Maybe you could look for a surplus electric shopping cart pusher like they use at places like Costco and Walmart and modify that? I'm sure there must be some around with bad batteries or some such.

These things:
https://youtu.be/anyQKXe_e2s


----------



## stringbender (Mar 31, 2016)

I let this slide for a while. Now it's time to get back to it. I'm including a link to a youtube video I created to provide more detail regarding what I am trying to accomplish. Please keep in mind, I have never done anything like this. I'm looking for very specific instructions regarding what to purchase and the easiest way to go about this. Thanks for viewing:
https://youtu.be/CCfkSXKpKUQ


----------



## Electric Avenue (Jul 11, 2016)

Can you explain exactly how that will cut your workload in half?

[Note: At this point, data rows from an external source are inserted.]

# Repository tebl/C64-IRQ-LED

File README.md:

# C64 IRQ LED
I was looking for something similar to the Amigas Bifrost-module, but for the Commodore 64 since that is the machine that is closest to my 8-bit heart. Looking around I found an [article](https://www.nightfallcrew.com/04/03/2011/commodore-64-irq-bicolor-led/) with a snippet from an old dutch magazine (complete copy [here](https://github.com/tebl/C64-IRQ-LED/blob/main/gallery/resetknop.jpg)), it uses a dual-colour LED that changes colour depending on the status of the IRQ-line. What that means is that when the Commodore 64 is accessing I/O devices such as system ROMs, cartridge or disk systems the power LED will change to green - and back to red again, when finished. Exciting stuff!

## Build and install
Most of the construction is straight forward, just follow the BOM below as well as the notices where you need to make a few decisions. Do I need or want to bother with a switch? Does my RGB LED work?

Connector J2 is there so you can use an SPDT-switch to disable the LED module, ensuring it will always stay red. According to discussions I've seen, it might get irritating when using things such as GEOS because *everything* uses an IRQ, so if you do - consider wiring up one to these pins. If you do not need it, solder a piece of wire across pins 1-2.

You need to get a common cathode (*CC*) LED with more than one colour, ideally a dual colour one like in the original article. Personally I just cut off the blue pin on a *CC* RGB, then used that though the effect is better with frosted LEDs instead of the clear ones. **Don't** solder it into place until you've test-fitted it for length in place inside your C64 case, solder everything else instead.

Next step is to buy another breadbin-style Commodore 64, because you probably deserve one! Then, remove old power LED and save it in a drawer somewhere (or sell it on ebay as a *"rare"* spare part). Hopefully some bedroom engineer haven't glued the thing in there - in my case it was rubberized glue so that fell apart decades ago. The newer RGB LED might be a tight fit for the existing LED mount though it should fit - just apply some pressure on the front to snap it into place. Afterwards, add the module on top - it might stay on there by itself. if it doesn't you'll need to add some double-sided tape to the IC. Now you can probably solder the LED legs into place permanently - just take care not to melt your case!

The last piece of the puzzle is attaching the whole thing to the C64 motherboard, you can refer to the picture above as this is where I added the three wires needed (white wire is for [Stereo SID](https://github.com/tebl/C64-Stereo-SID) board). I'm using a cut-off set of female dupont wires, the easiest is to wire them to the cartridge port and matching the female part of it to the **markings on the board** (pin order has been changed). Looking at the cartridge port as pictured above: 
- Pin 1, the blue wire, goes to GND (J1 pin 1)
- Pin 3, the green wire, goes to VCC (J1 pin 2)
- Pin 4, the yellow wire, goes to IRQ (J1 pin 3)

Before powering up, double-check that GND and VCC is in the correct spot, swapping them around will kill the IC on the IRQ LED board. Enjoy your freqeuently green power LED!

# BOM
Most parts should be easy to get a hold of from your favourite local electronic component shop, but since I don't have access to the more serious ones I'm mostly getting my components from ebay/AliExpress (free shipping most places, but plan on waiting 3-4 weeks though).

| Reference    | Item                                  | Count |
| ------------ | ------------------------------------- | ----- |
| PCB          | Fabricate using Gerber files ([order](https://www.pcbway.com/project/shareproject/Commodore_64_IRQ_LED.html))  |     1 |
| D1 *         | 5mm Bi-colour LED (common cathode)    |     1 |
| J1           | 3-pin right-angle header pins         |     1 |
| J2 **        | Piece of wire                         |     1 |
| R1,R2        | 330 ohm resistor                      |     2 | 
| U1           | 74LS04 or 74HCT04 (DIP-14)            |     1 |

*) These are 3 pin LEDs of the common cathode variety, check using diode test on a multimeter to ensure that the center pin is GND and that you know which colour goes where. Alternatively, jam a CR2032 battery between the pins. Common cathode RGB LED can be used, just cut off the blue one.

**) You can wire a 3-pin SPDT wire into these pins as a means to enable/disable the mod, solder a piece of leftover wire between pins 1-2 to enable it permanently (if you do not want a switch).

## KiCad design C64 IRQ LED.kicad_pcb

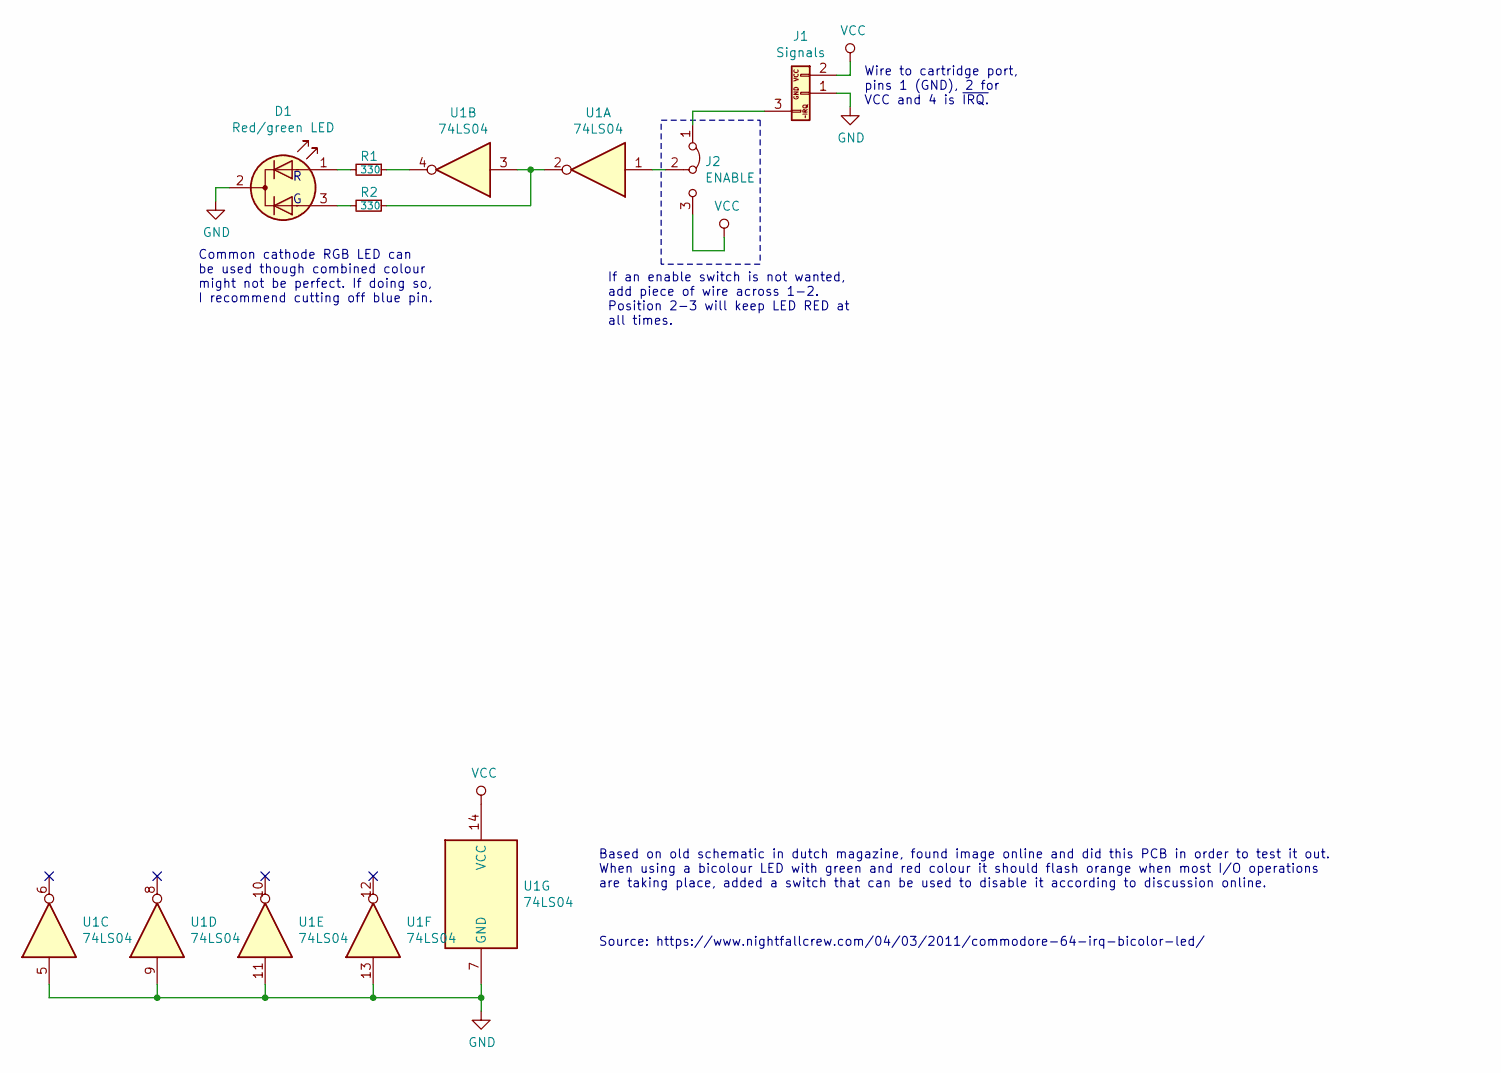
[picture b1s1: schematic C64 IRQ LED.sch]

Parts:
D1: Red/green LED; LED_D5.0mm-3
J1: Signals; Pin_Header_Angled_1x03_Pitch2.54mm
J2: ENABLE; Pin_Header_Straight_1x03_Pitch2.54mm
R1, R2: 330; R_Axial_DIN0207_L6.3mm_D2.5mm_P10.16mm_Horizontal
U1: 74LS04; DIP-14_W7.62mm_LongPads

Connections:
GND: D1.2 (K), J1.1 (GND), U1.5, U1.7 (GND), U1.9, U1.11, U1.13
unnamed: D1.1 (A1), R1.2
unnamed: D1.3 (A2), R2.2
unnamed: J1.3, J2.1 (A)
unnamed: J2.2 (C), U1.1
unnamed: R1.1, U1.4
unnamed: R2.1, U1.2, U1.3
VCC: J1.2 (VCC), J2.3 (B), U1.14 (VCC)

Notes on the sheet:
Based on old schematic in dutch magazine, found image online and did this PCB in order to test it out. When using a bicolour LED with green and red colour it should flash orange when most I/O operations are taking place, added a switch that can be used to disable it according to discussion online.
Source: https://www.nightfallcrew.com/04/03/2011/commodore-64-irq-bicolor-led/
Wire to cartridge port, pins 1 (GND), 2 for VCC and 4 is ~IRQ.
If an enable switch is not wanted, add piece of wire across 1-2. Position 2-3 will keep LED RED at all times.
Common cathode RGB LED can be used though combined colour might not be perfect. If doing so, I recommend cutting off blue pin.

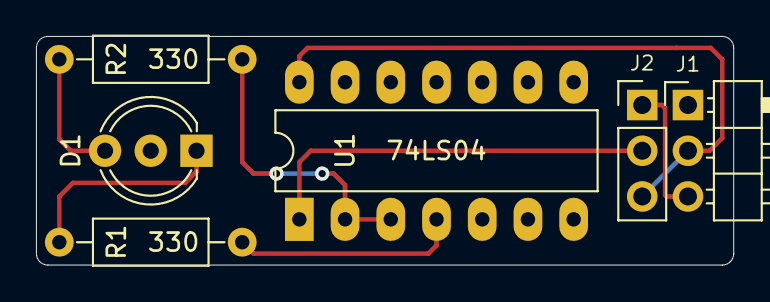
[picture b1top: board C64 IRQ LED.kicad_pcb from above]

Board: 2 copper layers, 38.7 x 12.7 mm, 6 parts (0 on the bottom side), 8 nets.

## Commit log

2020-10-17 Basic schematic
2020-10-17 Gerber expor
2020-10-17 Added README
2020-11-21 Changed pin order to match expansion port
2020-11-21 Formatting

I'm trying to understand how an electric cart could help you in this fashion.


----------



## stringbender (Mar 31, 2016)

Easy, first of all I have to push the cart loaded with all my gear up a rather steep incline. Next I have to load everything on the truck. Then when I get to the gig I reverse the process. I have to unload the truck and put everything on the cart and push it inside. After the gig, it's the same thing in reverse order. I push the cart to the truck, load the truck, put the hand cart in the truck, get back home, unload the truck, push it to the basement. Hopefully now you can see how having an electric hand truck that I load up and drive into the bed of my truck would greatly reduce the workload that I have for each gig.


----------